A comparative analysis of the spatial evolution of acoustic emissions during the tunnel failure after excavation modeled by RFPA^3D and the monitoring data of microseismic events (as shown in Figure 13) shows that the spatial evolution of acoustic emissions based on the twin-shear unified strength theory and the strength reduction method was consistent with the distribution of detected microseismic events. They all prove that the most serious failure of the surrounding rock occurred at the tunnel vault and corners of the side wall, which had high risks of collapse and rock bursts. According to the seismological theory, the ratio of S-wave energy to P-wave energy, E_S/E_P, is often used as one of the indicators to reveal the failure mechanism of the surrounding rock. In particular, slip or shear failure often occurs when E_S/E_P ≥ 10, and tensile failure often occurs when E_S/E_P ≤ 3 [33]. As can be seen from Figure 10, the majority of microseismic events had E_S/E_P ≤ 3 in this area and a fraction of microseismic events had E_S/E_P ≥ 10, so the excavated section of the tunnel was dominated by tensile failure accompanied by shear failure. This conclusion is consistent with the modeling results in Figure 7, which shows that the integrated method based on the combination of field microseismic monitoring and RFPA^3D modeling software can be more accurate and effective for stability analysis of the excavation of the #2 diversion tunnel in the Xulong Hydropower Station.
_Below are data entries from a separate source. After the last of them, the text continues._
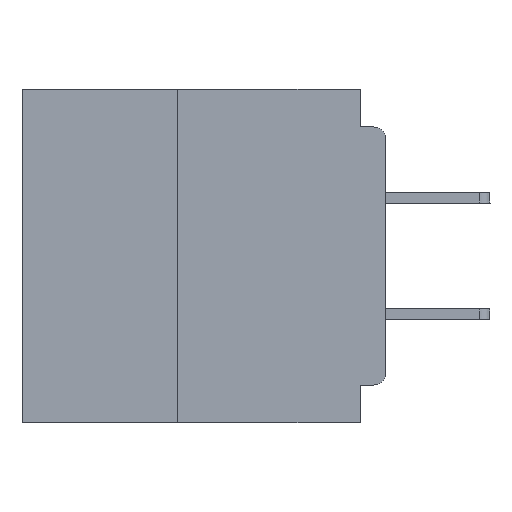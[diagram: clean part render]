
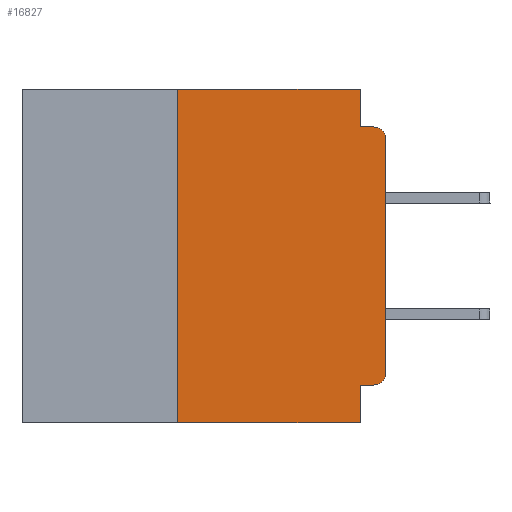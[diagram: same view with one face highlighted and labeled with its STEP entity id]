
A CAD part, left-side view. The second image highlights one B-rep face of the part: STEP entity #16827.
In plain terms, the highlighted planar face has unit normal (-1, 0, 0).
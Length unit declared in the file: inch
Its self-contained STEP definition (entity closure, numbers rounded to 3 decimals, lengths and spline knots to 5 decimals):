
#1477 = DIRECTION ( 'NONE',  ( 1., 0., 0. ) ) ;
#2268 = ORIENTED_EDGE ( 'NONE', *, *, #15996, .F. ) ;
#2289 = VERTEX_POINT ( 'NONE', #36355 ) ;
#3210 = ORIENTED_EDGE ( 'NONE', *, *, #57549, .F. ) ;
#4327 = DIRECTION ( 'NONE',  ( 0., -1., 0. ) ) ;
#5485 = CARTESIAN_POINT ( 'NONE',  ( 0., 0.031, 0. ) ) ;
#5759 = CARTESIAN_POINT ( 'NONE',  ( 0., 0.031, 0. ) ) ;
#6151 = EDGE_CURVE ( 'NONE', #13707, #55036, #9522, .T. ) ;
#6291 = CARTESIAN_POINT ( 'NONE',  ( 0., 0.015, -0.34 ) ) ;
#7005 = ORIENTED_EDGE ( 'NONE', *, *, #56619, .F. ) ;
#7943 = AXIS2_PLACEMENT_3D ( 'NONE', #6291, #42525, #11523 ) ;
#8146 = EDGE_CURVE ( 'NONE', #13655, #66371, #33094, .T. ) ;
#8172 = CARTESIAN_POINT ( 'NONE',  ( 0., 0.25, 0. ) ) ;
#8637 = VERTEX_POINT ( 'NONE', #13425 ) ;
#8653 = DIRECTION ( 'NONE',  ( -1., 0., 0. ) ) ;
#8751 = CARTESIAN_POINT ( 'NONE',  ( 0., 0.031, -0.4 ) ) ;
#9034 = EDGE_CURVE ( 'NONE', #14837, #13655, #17599, .T. ) ;
#9522 = LINE ( 'NONE', #5759, #59609 ) ;
#10045 = AXIS2_PLACEMENT_3D ( 'NONE', #32561, #1477, #37738 ) ;
#11523 = DIRECTION ( 'NONE',  ( 0., 0., -1. ) ) ;
#12262 = EDGE_CURVE ( 'NONE', #55036, #8637, #30242, .T. ) ;
#12289 = CARTESIAN_POINT ( 'NONE',  ( 0., 0.031, -0.4 ) ) ;
#13425 = CARTESIAN_POINT ( 'NONE',  ( 0., 0.015, -0.045 ) ) ;
#13655 = VERTEX_POINT ( 'NONE', #61518 ) ;
#13707 = VERTEX_POINT ( 'NONE', #5485 ) ;
#14837 = VERTEX_POINT ( 'NONE', #35152 ) ;
#15384 = EDGE_LOOP ( 'NONE', ( #46051, #62396, #43428, #18693, #7005, #2268, #60062, #22785, #3210, #64907 ) ) ;
#15996 = EDGE_CURVE ( 'NONE', #2289, #66454, #59663, .T. ) ;
#16447 = VECTOR ( 'NONE', #4327, 39.37008 ) ;
#16827 = ADVANCED_FACE ( 'NONE', ( #33752 ), #22129, .F. ) ;
#17599 = CIRCLE ( 'NONE', #7943, 0.015 ) ;
#18693 = ORIENTED_EDGE ( 'NONE', *, *, #6151, .F. ) ;
#22129 = PLANE ( 'NONE',  #10045 ) ;
#22695 = AXIS2_PLACEMENT_3D ( 'NONE', #39643, #8653, #44808 ) ;
#22785 = ORIENTED_EDGE ( 'NONE', *, *, #40665, .F. ) ;
#25100 = LINE ( 'NONE', #58466, #35565 ) ;
#27899 = VECTOR ( 'NONE', #65655, 39.37008 ) ;
#28342 = CARTESIAN_POINT ( 'NONE',  ( 0., 0., -0.06 ) ) ;
#29513 = LINE ( 'NONE', #8751, #27899 ) ;
#29836 = DIRECTION ( 'NONE',  ( 0., 0., 1. ) ) ;
#30223 = CARTESIAN_POINT ( 'NONE',  ( 0., 0.031, -0.045 ) ) ;
#30242 = LINE ( 'NONE', #66203, #16447 ) ;
#32154 = LINE ( 'NONE', #50770, #57938 ) ;
#32561 = CARTESIAN_POINT ( 'NONE',  ( 0., 0.437, 0. ) ) ;
#32791 = DIRECTION ( 'NONE',  ( 0., -1., 0. ) ) ;
#33094 = LINE ( 'NONE', #44847, #45204 ) ;
#33752 = FACE_OUTER_BOUND ( 'NONE', #15384, .T. ) ;
#35152 = CARTESIAN_POINT ( 'NONE',  ( 0., 0.015, -0.355 ) ) ;
#35565 = VECTOR ( 'NONE', #32791, 39.37008 ) ;
#36355 = CARTESIAN_POINT ( 'NONE',  ( 0., 0.25, -0.4 ) ) ;
#37738 = DIRECTION ( 'NONE',  ( 0., 0., -1. ) ) ;
#37856 = EDGE_CURVE ( 'NONE', #66371, #8637, #65503, .T. ) ;
#39643 = CARTESIAN_POINT ( 'NONE',  ( 0., 0.015, -0.06 ) ) ;
#40053 = CARTESIAN_POINT ( 'NONE',  ( 0., 0.031, -0.355 ) ) ;
#40665 = EDGE_CURVE ( 'NONE', #42834, #51545, #29513, .T. ) ;
#42525 = DIRECTION ( 'NONE',  ( -1., 0., 0. ) ) ;
#42834 = VERTEX_POINT ( 'NONE', #40053 ) ;
#43428 = ORIENTED_EDGE ( 'NONE', *, *, #12262, .F. ) ;
#44808 = DIRECTION ( 'NONE',  ( 0., 0., -1. ) ) ;
#44847 = CARTESIAN_POINT ( 'NONE',  ( 0., 0., 0. ) ) ;
#45204 = VECTOR ( 'NONE', #49790, 39.37008 ) ;
#45979 = VECTOR ( 'NONE', #29836, 39.37008 ) ;
#46051 = ORIENTED_EDGE ( 'NONE', *, *, #8146, .T. ) ;
#49135 = CARTESIAN_POINT ( 'NONE',  ( 0., 0.437, 0. ) ) ;
#49787 = VECTOR ( 'NONE', #64704, 39.37008 ) ;
#49790 = DIRECTION ( 'NONE',  ( 0., 0., 1. ) ) ;
#50770 = CARTESIAN_POINT ( 'NONE',  ( 0., 0., -0.355 ) ) ;
#51545 = VERTEX_POINT ( 'NONE', #12289 ) ;
#52300 = DIRECTION ( 'NONE',  ( 0., 0., -1. ) ) ;
#55036 = VERTEX_POINT ( 'NONE', #30223 ) ;
#56619 = EDGE_CURVE ( 'NONE', #66454, #13707, #63499, .T. ) ;
#57549 = EDGE_CURVE ( 'NONE', #14837, #42834, #32154, .T. ) ;
#57938 = VECTOR ( 'NONE', #61350, 39.37008 ) ;
#58466 = CARTESIAN_POINT ( 'NONE',  ( 0., 0.437, -0.4 ) ) ;
#59609 = VECTOR ( 'NONE', #52300, 39.37008 ) ;
#59663 = LINE ( 'NONE', #60714, #45979 ) ;
#60062 = ORIENTED_EDGE ( 'NONE', *, *, #62235, .T. ) ;
#60714 = CARTESIAN_POINT ( 'NONE',  ( 0., 0.25, -0.4 ) ) ;
#61350 = DIRECTION ( 'NONE',  ( 0., 1., 0. ) ) ;
#61518 = CARTESIAN_POINT ( 'NONE',  ( 0., 0., -0.34 ) ) ;
#62235 = EDGE_CURVE ( 'NONE', #2289, #51545, #25100, .T. ) ;
#62396 = ORIENTED_EDGE ( 'NONE', *, *, #37856, .T. ) ;
#63499 = LINE ( 'NONE', #49135, #49787 ) ;
#64704 = DIRECTION ( 'NONE',  ( 0., -1., 0. ) ) ;
#64907 = ORIENTED_EDGE ( 'NONE', *, *, #9034, .T. ) ;
#65503 = CIRCLE ( 'NONE', #22695, 0.015 ) ;
#65655 = DIRECTION ( 'NONE',  ( 0., 0., -1. ) ) ;
#66203 = CARTESIAN_POINT ( 'NONE',  ( 0., 0., -0.045 ) ) ;
#66371 = VERTEX_POINT ( 'NONE', #28342 ) ;
#66454 = VERTEX_POINT ( 'NONE', #8172 ) ;

Tensile failure mainly occurs in the excavation of the geologically weak section of the tunnel, and the failure is concentrated at the tunnel vault and corners of the side wall. The existence of joints or faults may worsen the distribution of stress and deformation of surrounding rock. Fractures tend to occur around the locations of joints or faults due to tress concentration and weak mechanical properties of structures. In addition, the energy and magnitude of microseismic events around the structures are relatively large and the failures are dominated by tensile fractures, accompanied with some shear fractures. Therefore, it is necessary to focus on the areas during excavation.

5. Conclusions

Based on RFPA^3D numerical modeling and microseismic monitoring, the stability of the excavated geologically weak section of the #2 diversion tunnel in the Xulong Hydropower Station was analyzed and evaluated, with the following conclusions reached:

(1)

Surrounding rock damage after excavation of the geologically weak section of the #2 diversion tunnel was modeled by using RFPA^3D. The maximum principal stress concentrated around the tunnel profile and at the corners of the side wall in the study area, and cracks were initiated and grew from the tunnel vault and bottom corner of the side wall until they penetrated the entire profile. Acoustic emissions also started to accumulate at the vault and corners of the side wall and then propagated along the floor and side wall. The acoustic emissions at the vault and corners of the side wall gradually increased in energy, making it a key monitoring target in the study area.

(2)

Microseismic events were mainly concentrated near the vault and footwall during the excavation of stakes K0+765 to K0+775. It was dominated by tensile failure accompanied by shear failure. The frequency of microseismic events could better reflect the frequency of excavation activities in underground plants, and microseismic monitoring helped infer the damage evolution of the rock during the instability failure process of the surrounding rock and delineate the potential risk area.

(3)

The RFPA^3D numerical modeling results and the data collected by the actual microseismic monitoring system were consistent, which verified the damage area of the surrounding rock in the excavated geologically weak section. The vault and corners of the side wall, in particular, sustained the most serious damage, so it is necessary to pay close attention to this area and provide timely support. Microseismic monitoring played a key role in controlling the stability of the tunnel surrounding rock, and it is required to continue to strengthen microseismic monitoring and take effective measures to ensure the safety and stability of the slope during the construction and operation periods in the subsequent construction process.